Records supplied: Begin
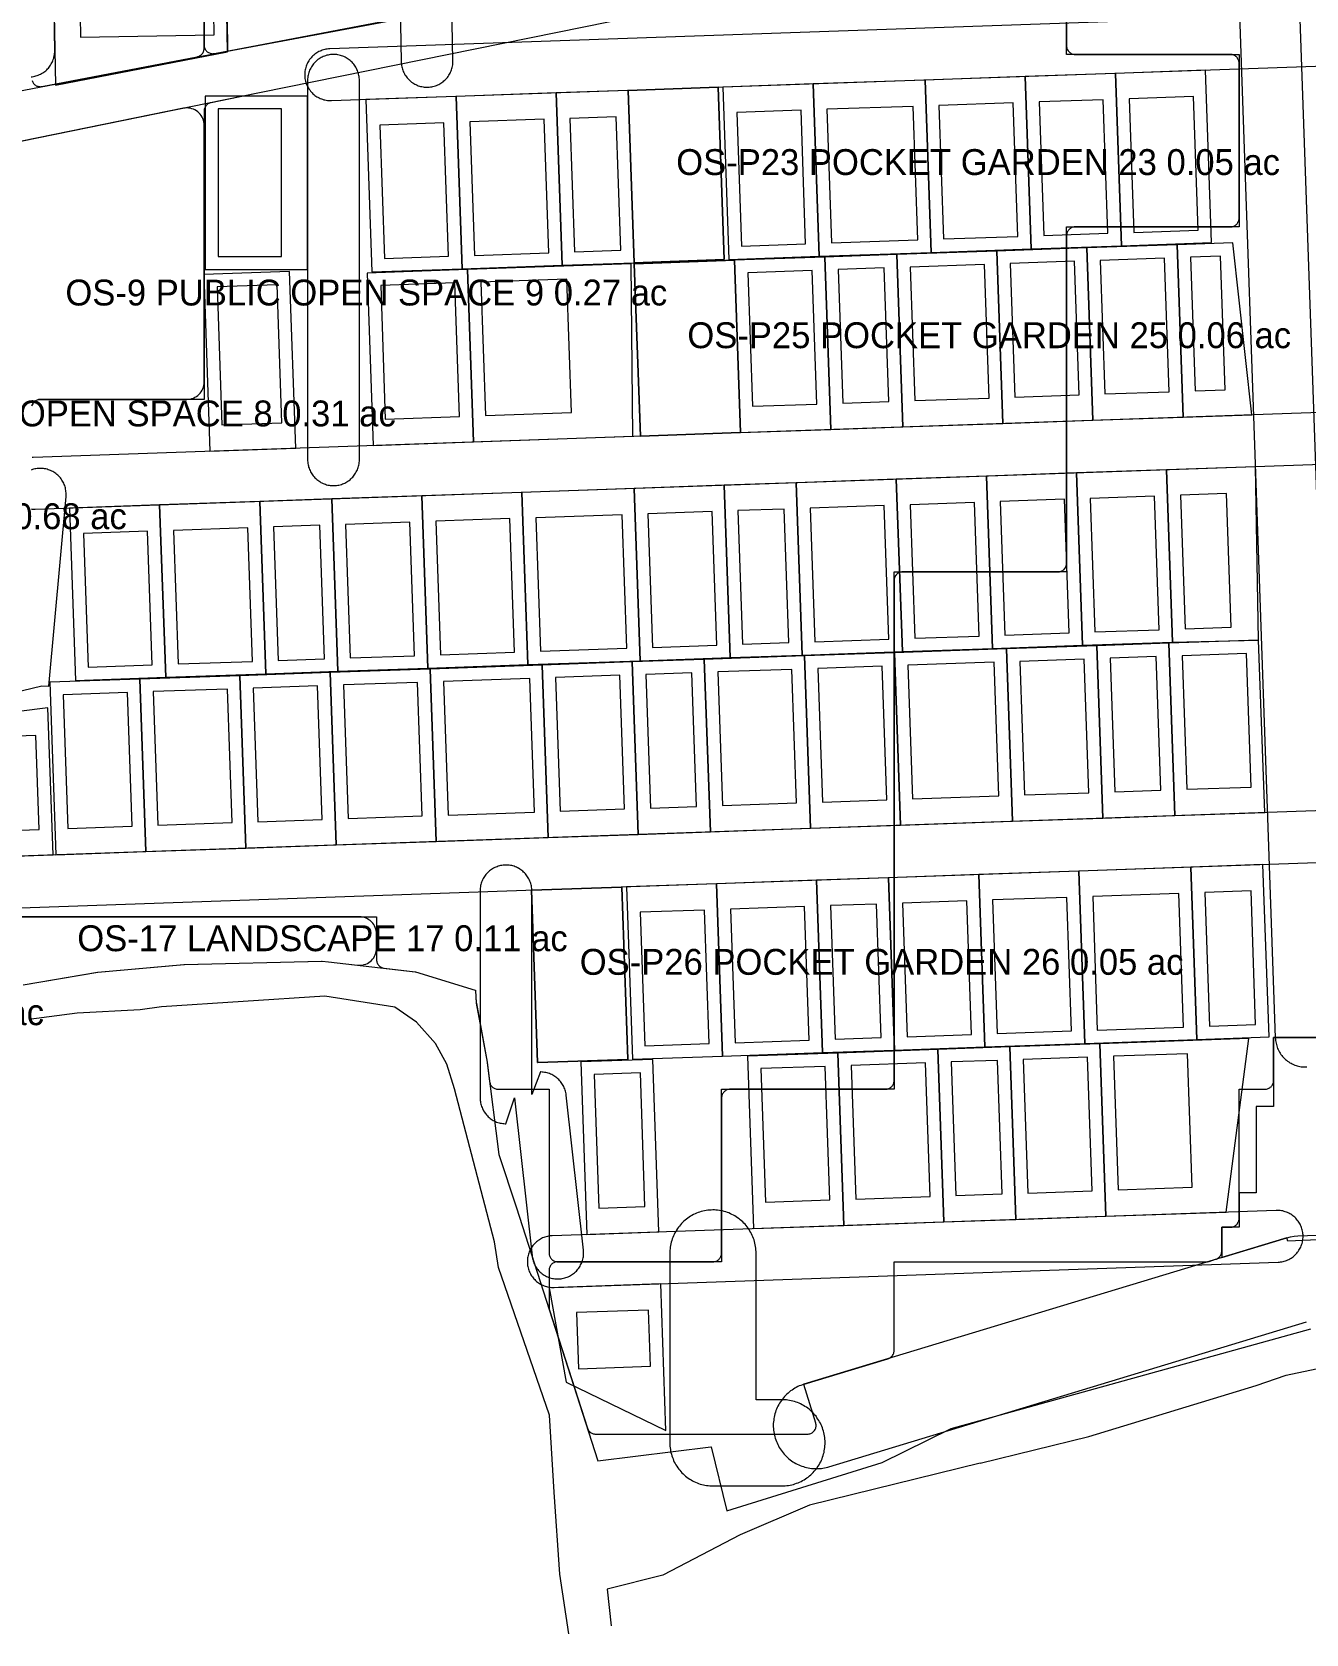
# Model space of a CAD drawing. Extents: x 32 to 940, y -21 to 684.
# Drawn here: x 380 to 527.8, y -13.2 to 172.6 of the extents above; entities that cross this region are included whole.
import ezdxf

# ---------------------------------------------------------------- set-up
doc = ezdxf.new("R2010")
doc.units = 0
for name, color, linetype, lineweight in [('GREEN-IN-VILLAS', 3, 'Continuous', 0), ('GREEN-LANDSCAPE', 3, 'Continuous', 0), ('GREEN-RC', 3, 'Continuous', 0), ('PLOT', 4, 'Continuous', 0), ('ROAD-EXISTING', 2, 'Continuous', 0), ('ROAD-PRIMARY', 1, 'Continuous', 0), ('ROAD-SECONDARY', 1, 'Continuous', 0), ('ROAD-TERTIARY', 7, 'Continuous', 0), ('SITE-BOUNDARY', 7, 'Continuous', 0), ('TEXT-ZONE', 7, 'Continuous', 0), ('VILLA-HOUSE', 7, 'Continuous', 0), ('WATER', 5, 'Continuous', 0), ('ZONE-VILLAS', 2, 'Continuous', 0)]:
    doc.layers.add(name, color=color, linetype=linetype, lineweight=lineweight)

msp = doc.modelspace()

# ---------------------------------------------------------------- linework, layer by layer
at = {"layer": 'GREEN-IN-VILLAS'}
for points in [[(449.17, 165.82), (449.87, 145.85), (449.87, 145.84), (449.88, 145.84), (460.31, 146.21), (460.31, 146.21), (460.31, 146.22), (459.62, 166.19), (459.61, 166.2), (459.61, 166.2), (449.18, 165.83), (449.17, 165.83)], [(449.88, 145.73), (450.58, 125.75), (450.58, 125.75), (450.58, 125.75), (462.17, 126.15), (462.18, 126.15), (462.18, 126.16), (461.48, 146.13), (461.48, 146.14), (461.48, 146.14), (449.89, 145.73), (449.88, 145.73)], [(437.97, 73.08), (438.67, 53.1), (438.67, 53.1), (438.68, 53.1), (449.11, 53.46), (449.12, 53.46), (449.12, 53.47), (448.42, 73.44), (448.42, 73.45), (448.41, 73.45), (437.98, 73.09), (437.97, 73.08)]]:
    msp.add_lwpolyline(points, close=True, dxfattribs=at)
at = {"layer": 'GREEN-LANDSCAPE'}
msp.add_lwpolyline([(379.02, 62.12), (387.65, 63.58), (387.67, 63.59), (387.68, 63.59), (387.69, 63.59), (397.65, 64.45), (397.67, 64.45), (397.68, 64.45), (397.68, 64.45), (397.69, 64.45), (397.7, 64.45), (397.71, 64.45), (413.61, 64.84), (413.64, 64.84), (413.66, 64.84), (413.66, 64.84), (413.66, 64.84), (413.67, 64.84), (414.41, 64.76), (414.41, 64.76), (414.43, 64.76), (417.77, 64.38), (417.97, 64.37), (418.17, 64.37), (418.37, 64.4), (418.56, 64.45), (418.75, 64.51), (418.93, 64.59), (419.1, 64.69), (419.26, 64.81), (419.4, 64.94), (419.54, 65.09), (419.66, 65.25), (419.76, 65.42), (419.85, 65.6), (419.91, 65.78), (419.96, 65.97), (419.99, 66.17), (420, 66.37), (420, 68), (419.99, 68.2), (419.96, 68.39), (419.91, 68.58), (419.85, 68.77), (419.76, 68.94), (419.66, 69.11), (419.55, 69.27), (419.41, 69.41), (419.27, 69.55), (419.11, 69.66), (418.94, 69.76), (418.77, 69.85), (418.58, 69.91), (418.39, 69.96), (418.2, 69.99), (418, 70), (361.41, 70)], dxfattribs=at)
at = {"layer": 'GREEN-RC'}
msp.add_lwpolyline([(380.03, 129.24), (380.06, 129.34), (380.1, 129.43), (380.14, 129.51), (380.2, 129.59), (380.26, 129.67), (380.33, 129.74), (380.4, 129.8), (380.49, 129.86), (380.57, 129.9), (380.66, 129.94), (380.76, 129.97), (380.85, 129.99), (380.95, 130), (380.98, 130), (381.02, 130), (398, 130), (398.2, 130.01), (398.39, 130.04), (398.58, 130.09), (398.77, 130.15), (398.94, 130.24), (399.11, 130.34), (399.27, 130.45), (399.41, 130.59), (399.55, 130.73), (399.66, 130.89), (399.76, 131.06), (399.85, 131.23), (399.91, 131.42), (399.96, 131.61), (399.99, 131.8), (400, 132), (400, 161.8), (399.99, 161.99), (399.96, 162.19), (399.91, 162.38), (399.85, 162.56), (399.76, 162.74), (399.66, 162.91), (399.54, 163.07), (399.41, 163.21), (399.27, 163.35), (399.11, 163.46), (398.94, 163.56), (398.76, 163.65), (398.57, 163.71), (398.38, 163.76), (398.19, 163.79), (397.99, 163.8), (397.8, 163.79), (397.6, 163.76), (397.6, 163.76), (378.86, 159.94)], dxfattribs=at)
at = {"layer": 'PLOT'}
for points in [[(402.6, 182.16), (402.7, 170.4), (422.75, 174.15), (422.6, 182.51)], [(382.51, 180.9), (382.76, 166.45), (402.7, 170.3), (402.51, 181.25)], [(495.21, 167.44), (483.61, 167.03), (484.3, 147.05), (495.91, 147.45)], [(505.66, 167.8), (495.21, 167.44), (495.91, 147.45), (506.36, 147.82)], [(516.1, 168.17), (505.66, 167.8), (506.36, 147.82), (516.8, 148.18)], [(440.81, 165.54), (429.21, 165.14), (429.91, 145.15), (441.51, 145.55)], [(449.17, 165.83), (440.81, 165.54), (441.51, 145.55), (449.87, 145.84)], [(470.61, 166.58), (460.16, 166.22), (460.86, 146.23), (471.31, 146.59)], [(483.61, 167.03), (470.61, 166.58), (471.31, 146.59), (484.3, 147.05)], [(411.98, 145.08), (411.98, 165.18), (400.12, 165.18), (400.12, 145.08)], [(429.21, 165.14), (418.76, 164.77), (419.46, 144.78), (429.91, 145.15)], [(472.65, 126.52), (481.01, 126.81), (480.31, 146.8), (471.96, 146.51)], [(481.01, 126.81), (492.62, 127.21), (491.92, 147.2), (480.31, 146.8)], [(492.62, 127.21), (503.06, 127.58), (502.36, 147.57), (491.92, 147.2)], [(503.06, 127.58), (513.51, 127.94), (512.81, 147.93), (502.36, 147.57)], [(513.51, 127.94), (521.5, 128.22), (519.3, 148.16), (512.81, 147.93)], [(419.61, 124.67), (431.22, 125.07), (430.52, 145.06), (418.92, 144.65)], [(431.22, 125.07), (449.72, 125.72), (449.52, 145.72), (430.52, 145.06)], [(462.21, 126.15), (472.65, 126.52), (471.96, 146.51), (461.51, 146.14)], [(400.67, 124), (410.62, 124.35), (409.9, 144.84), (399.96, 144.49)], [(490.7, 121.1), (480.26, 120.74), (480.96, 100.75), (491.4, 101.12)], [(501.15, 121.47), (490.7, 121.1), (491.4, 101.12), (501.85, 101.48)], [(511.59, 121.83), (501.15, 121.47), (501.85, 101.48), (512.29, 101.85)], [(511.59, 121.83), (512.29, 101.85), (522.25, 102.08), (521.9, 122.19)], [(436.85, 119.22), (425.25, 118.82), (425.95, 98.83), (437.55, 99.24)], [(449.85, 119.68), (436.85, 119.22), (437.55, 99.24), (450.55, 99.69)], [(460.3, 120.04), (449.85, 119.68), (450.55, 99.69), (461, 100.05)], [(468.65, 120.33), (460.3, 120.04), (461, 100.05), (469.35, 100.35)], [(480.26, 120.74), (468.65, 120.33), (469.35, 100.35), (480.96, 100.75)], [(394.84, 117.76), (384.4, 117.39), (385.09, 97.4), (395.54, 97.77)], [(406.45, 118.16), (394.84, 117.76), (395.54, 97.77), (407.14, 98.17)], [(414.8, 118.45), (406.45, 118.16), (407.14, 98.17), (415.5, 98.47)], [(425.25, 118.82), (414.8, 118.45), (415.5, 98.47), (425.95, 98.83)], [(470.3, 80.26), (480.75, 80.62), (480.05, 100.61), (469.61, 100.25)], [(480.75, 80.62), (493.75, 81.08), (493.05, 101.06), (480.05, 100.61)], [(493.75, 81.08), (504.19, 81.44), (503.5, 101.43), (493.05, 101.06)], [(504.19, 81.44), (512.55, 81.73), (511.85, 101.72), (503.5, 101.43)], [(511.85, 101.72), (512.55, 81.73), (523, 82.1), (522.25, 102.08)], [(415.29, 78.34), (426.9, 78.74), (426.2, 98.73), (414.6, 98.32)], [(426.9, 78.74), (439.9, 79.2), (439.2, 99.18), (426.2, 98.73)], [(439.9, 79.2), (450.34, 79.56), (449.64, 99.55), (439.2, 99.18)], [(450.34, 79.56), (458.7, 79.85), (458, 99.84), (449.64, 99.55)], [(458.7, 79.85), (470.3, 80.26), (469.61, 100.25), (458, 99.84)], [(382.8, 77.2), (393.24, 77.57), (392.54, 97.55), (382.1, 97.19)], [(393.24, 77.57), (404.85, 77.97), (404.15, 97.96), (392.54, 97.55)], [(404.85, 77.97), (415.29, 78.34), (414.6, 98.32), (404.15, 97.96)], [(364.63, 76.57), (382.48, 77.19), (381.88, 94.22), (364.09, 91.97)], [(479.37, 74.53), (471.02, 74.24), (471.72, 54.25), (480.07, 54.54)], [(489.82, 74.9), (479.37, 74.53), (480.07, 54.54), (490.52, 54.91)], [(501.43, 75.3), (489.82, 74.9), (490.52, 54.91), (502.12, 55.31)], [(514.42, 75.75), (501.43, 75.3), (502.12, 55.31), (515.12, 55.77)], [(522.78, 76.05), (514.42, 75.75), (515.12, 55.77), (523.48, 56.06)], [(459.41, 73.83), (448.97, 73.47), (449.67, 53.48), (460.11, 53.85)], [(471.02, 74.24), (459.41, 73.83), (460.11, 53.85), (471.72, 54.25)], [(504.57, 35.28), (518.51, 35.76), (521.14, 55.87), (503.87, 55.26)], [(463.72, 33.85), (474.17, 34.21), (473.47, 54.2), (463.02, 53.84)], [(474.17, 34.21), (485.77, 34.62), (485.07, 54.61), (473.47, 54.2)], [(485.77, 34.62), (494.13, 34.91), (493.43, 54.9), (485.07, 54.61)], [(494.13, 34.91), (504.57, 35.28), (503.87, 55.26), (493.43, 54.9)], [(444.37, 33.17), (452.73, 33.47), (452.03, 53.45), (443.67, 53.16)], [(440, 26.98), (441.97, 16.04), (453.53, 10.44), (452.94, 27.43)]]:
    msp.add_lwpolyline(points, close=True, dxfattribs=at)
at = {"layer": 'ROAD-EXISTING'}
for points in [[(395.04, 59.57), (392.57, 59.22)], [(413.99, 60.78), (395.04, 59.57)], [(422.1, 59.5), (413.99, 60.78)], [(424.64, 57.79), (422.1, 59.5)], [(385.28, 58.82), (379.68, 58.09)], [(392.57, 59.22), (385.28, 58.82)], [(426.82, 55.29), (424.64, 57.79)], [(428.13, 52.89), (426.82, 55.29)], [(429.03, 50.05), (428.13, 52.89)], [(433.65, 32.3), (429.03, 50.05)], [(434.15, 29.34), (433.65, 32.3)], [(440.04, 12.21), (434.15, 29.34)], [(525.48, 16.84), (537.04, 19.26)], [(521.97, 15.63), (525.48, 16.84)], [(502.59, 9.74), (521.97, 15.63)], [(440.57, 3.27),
Records supplied: End
Task item
Go through the entries and return each line where the word "GREEN" appears.

Reply to the exercise
for name, color, linetype, lineweight in [('GREEN-IN-VILLAS', 3, 'Continuous', 0), ('GREEN-LANDSCAPE', 3, 'Continuous', 0), ('GREEN-RC', 3, 'Continuous', 0), ('PLOT', 4, 'Continuous', 0), ('ROAD-EXISTING', 2, 'Continuous', 0), ('ROAD-PRIMARY', 1, 'Continuous', 0), ('ROAD-SECONDARY', 1, 'Continuous', 0), ('ROAD-TERTIARY', 7, 'Continuous', 0), ('SITE-BOUNDARY', 7, 'Continuous', 0), ('TEXT-ZONE', 7, 'Continuous', 0), ('VILLA-HOUSE', 7, 'Continuous', 0), ('WATER', 5, 'Continuous', 0), ('ZONE-VILLAS', 2, 'Continuous', 0)]:
at = {"layer": 'GREEN-IN-VILLAS'}
at = {"layer": 'GREEN-LANDSCAPE'}
at = {"layer": 'GREEN-RC'}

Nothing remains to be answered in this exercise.